[[ EXTRACTED MATERIAL, beginning ]]
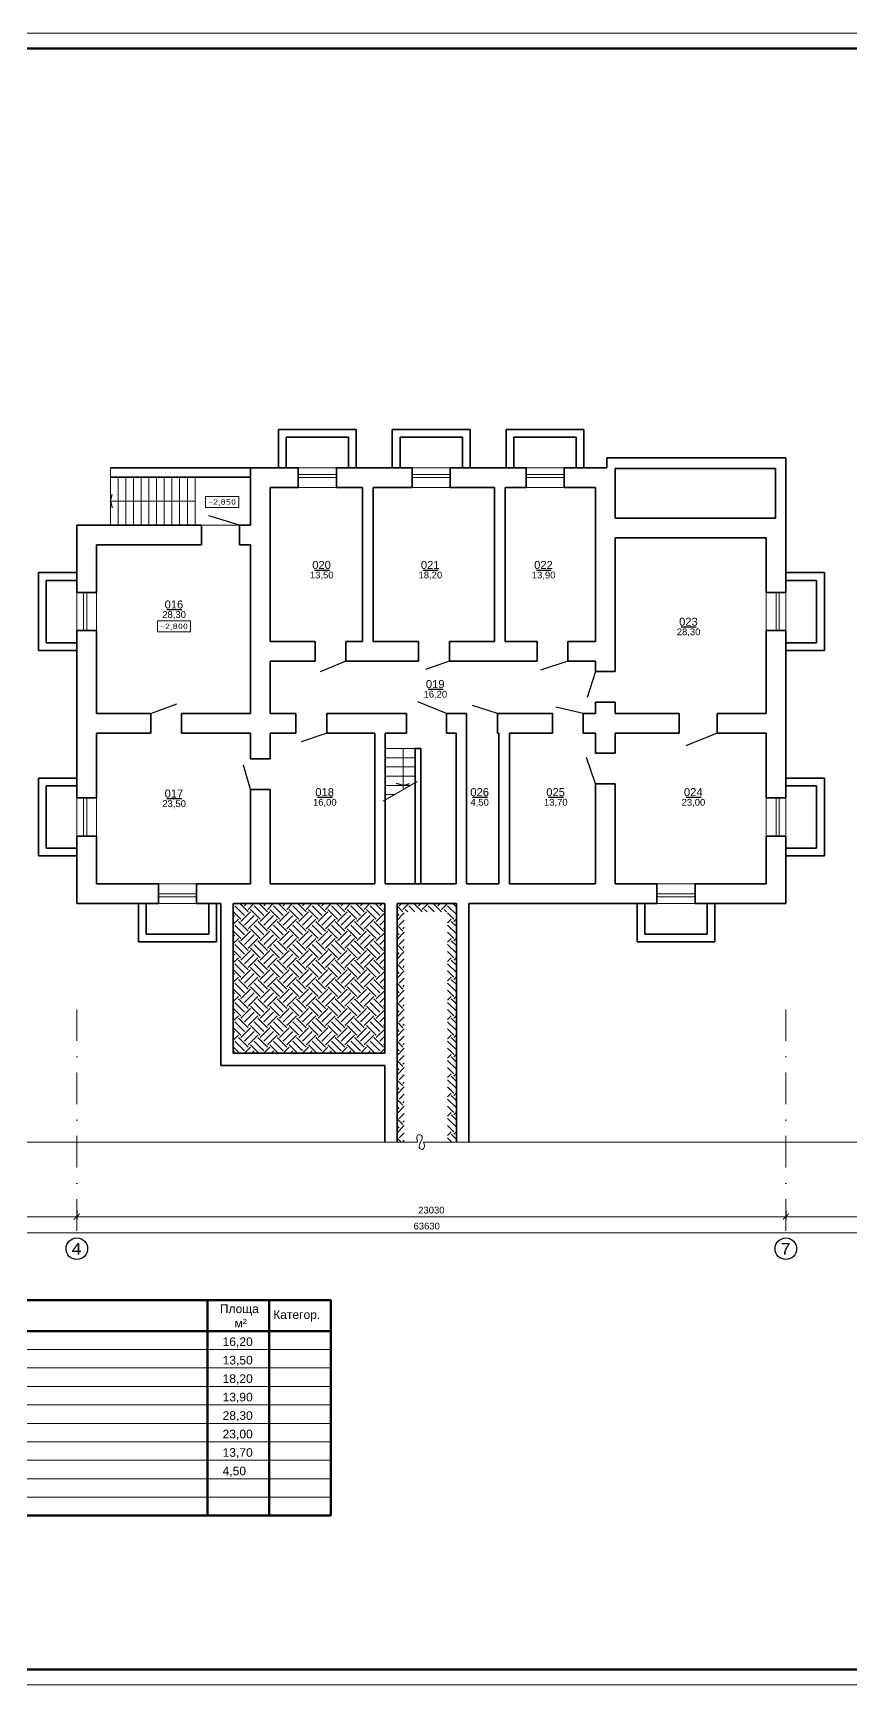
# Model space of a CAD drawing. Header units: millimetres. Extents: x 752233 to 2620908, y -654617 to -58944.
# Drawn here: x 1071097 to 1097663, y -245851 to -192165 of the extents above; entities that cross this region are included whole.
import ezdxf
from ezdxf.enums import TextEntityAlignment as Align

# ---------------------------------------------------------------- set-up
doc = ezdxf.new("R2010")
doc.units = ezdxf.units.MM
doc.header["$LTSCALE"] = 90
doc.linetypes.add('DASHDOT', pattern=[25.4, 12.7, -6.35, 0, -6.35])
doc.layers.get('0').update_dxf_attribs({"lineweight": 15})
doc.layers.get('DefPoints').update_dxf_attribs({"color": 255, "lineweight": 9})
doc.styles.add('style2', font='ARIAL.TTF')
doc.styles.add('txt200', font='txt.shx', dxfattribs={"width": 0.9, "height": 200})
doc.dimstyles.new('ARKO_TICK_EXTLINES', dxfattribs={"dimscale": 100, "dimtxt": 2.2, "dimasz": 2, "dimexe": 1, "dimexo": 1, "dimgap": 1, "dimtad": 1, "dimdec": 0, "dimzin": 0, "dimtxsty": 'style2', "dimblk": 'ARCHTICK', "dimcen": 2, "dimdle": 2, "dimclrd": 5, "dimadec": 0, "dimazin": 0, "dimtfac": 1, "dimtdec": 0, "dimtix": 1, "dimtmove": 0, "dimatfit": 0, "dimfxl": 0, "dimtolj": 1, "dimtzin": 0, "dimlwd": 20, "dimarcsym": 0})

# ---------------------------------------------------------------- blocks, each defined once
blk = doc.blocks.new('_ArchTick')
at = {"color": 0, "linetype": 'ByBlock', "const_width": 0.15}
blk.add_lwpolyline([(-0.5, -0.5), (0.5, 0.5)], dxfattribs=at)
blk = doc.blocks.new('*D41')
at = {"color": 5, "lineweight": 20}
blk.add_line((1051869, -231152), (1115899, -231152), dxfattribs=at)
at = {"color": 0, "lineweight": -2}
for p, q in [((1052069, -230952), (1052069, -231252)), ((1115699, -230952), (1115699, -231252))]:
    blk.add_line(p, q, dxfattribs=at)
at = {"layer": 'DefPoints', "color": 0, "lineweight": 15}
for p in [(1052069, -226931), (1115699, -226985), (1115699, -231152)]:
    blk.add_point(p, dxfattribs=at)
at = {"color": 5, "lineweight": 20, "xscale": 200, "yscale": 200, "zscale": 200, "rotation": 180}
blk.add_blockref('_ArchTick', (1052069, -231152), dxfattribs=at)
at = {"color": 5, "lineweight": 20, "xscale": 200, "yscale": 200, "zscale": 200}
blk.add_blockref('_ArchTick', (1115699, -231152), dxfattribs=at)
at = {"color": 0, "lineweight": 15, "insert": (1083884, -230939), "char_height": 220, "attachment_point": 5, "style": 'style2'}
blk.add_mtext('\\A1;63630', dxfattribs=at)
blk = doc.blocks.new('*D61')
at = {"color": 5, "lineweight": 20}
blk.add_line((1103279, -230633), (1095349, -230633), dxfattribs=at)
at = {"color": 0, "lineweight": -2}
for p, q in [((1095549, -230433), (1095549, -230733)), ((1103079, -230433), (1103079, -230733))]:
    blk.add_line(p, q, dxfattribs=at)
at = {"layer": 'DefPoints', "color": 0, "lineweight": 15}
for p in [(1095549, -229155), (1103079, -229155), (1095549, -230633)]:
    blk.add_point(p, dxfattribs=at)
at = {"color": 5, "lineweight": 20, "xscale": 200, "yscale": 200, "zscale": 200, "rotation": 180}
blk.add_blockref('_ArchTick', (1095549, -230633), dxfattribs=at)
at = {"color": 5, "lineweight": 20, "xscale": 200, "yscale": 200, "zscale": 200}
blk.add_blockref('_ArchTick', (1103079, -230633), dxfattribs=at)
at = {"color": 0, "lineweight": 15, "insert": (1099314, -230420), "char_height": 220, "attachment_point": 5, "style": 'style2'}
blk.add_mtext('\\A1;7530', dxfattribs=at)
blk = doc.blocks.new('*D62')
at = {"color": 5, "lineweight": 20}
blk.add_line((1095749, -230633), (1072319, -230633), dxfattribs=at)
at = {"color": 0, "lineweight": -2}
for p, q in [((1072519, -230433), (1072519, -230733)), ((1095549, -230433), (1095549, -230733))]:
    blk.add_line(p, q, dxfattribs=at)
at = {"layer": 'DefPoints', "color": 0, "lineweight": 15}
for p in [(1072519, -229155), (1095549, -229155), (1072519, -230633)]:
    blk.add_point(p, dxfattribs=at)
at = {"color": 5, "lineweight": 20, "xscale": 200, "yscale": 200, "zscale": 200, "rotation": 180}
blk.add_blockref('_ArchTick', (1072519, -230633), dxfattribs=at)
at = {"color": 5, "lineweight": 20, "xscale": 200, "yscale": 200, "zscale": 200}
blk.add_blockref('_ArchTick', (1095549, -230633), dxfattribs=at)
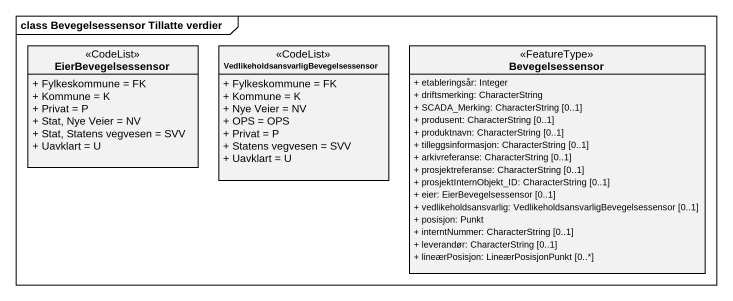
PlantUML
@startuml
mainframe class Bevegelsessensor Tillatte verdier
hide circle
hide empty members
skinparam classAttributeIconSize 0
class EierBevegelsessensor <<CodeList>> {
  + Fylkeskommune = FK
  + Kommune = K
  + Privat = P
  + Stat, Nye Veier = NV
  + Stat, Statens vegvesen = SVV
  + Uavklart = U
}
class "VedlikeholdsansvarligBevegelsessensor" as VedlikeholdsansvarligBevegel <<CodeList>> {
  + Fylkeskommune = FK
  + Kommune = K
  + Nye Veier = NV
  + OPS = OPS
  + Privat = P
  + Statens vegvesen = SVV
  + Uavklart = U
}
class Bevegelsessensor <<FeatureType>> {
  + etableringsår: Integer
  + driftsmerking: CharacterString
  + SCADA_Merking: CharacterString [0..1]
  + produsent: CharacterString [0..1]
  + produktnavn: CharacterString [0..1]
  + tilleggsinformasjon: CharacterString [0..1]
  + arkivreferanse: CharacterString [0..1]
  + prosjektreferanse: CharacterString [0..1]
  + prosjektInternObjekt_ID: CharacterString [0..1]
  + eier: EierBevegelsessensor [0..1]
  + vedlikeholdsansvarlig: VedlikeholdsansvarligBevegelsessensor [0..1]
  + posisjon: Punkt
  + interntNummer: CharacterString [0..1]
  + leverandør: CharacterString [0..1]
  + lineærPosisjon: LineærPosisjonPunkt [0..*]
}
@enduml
[[ EXTRACTED MATERIAL, end ]]
### EXERCISE GOAL
If a record holds a picture, leave the picture out, but repeat every line exactly.

### WRITTEN REPLY
# Model space of a CAD drawing. Header units: millimetres. Extents: x 752233 to 2620908, y -654617 to -58944.
# Drawn here: x 1071097 to 1097663, y -245851 to -192165 of the extents above; entities that cross this region are included whole.
import ezdxf
from ezdxf.enums import TextEntityAlignment as Align

# ---------------------------------------------------------------- set-up
doc = ezdxf.new("R2010")
doc.units = ezdxf.units.MM
doc.header["$LTSCALE"] = 90
doc.linetypes.add('DASHDOT', pattern=[25.4, 12.7, -6.35, 0, -6.35])
doc.layers.get('0').update_dxf_attribs({"lineweight": 15})
doc.layers.get('DefPoints').update_dxf_attribs({"color": 255, "lineweight": 9})
doc.styles.add('style2', font='ARIAL.TTF')
doc.styles.add('txt200', font='txt.shx', dxfattribs={"width": 0.9, "height": 200})
doc.dimstyles.new('ARKO_TICK_EXTLINES', dxfattribs={"dimscale": 100, "dimtxt": 2.2, "dimasz": 2, "dimexe": 1, "dimexo": 1, "dimgap": 1, "dimtad": 1, "dimdec": 0, "dimzin": 0, "dimtxsty": 'style2', "dimblk": 'ARCHTICK', "dimcen": 2, "dimdle": 2, "dimclrd": 5, "dimadec": 0, "dimazin": 0, "dimtfac": 1, "dimtdec": 0, "dimtix": 1, "dimtmove": 0, "dimatfit": 0, "dimfxl": 0, "dimtolj": 1, "dimtzin": 0, "dimlwd": 20, "dimarcsym": 0})

# ---------------------------------------------------------------- blocks, each defined once
blk = doc.blocks.new('_ArchTick')
at = {"color": 0, "linetype": 'ByBlock', "const_width": 0.15}
blk.add_lwpolyline([(-0.5, -0.5), (0.5, 0.5)], dxfattribs=at)
blk = doc.blocks.new('*D41')
at = {"color": 5, "lineweight": 20}
blk.add_line((1051869, -231152), (1115899, -231152), dxfattribs=at)
at = {"color": 0, "lineweight": -2}
for p, q in [((1052069, -230952), (1052069, -231252)), ((1115699, -230952), (1115699, -231252))]:
    blk.add_line(p, q, dxfattribs=at)
at = {"layer": 'DefPoints', "color": 0, "lineweight": 15}
for p in [(1052069, -226931), (1115699, -226985), (1115699, -231152)]:
    blk.add_point(p, dxfattribs=at)
at = {"color": 5, "lineweight": 20, "xscale": 200, "yscale": 200, "zscale": 200, "rotation": 180}
blk.add_blockref('_ArchTick', (1052069, -231152), dxfattribs=at)
at = {"color": 5, "lineweight": 20, "xscale": 200, "yscale": 200, "zscale": 200}
blk.add_blockref('_ArchTick', (1115699, -231152), dxfattribs=at)
at = {"color": 0, "lineweight": 15, "insert": (1083884, -230939), "char_height": 220, "attachment_point": 5, "style": 'style2'}
blk.add_mtext('\\A1;63630', dxfattribs=at)
blk = doc.blocks.new('*D61')
at = {"color": 5, "lineweight": 20}
blk.add_line((1103279, -230633), (1095349, -230633), dxfattribs=at)
at = {"color": 0, "lineweight": -2}
for p, q in [((1095549, -230433), (1095549, -230733)), ((1103079, -230433), (1103079, -230733))]:
    blk.add_line(p, q, dxfattribs=at)
at = {"layer": 'DefPoints', "color": 0, "lineweight": 15}
for p in [(1095549, -229155), (1103079, -229155), (1095549, -230633)]:
    blk.add_point(p, dxfattribs=at)
at = {"color": 5, "lineweight": 20, "xscale": 200, "yscale": 200, "zscale": 200, "rotation": 180}
blk.add_blockref('_ArchTick', (1095549, -230633), dxfattribs=at)
at = {"color": 5, "lineweight": 20, "xscale": 200, "yscale": 200, "zscale": 200}
blk.add_blockref('_ArchTick', (1103079, -230633), dxfattribs=at)
at = {"color": 0, "lineweight": 15, "insert": (1099314, -230420), "char_height": 220, "attachment_point": 5, "style": 'style2'}
blk.add_mtext('\\A1;7530', dxfattribs=at)
blk = doc.blocks.new('*D62')
at = {"color": 5, "lineweight": 20}
blk.add_line((1095749, -230633), (1072319, -230633), dxfattribs=at)
at = {"color": 0, "lineweight": -2}
for p, q in [((1072519, -230433), (1072519, -230733)), ((1095549, -230433), (1095549, -230733))]:
    blk.add_line(p, q, dxfattribs=at)
at = {"layer": 'DefPoints', "color": 0, "lineweight": 15}
for p in [(1072519, -229155), (1095549, -229155), (1072519, -230633)]:
    blk.add_point(p, dxfattribs=at)
at = {"color": 5, "lineweight": 20, "xscale": 200, "yscale": 200, "zscale": 200, "rotation": 180}
blk.add_blockref('_ArchTick', (1072519, -230633), dxfattribs=at)
at = {"color": 5, "lineweight": 20, "xscale": 200, "yscale": 200, "zscale": 200}
blk.add_blockref('_ArchTick', (1095549, -230633), dxfattribs=at)
PlantUML
@startuml
mainframe class Bevegelsessensor Tillatte verdier
hide circle
hide empty members
skinparam classAttributeIconSize 0
class EierBevegelsessensor <<CodeList>> {
  + Fylkeskommune = FK
  + Kommune = K
  + Privat = P
  + Stat, Nye Veier = NV
  + Stat, Statens vegvesen = SVV
  + Uavklart = U
}
class "VedlikeholdsansvarligBevegelsessensor" as VedlikeholdsansvarligBevegel <<CodeList>> {
  + Fylkeskommune = FK
  + Kommune = K
  + Nye Veier = NV
  + OPS = OPS
  + Privat = P
  + Statens vegvesen = SVV
  + Uavklart = U
}
class Bevegelsessensor <<FeatureType>> {
  + etableringsår: Integer
  + driftsmerking: CharacterString
  + SCADA_Merking: CharacterString [0..1]
  + produsent: CharacterString [0..1]
  + produktnavn: CharacterString [0..1]
  + tilleggsinformasjon: CharacterString [0..1]
  + arkivreferanse: CharacterString [0..1]
  + prosjektreferanse: CharacterString [0..1]
  + prosjektInternObjekt_ID: CharacterString [0..1]
  + eier: EierBevegelsessensor [0..1]
  + vedlikeholdsansvarlig: VedlikeholdsansvarligBevegelsessensor [0..1]
  + posisjon: Punkt
  + interntNummer: CharacterString [0..1]
  + leverandør: CharacterString [0..1]
  + lineærPosisjon: LineærPosisjonPunkt [0..*]
}
@enduml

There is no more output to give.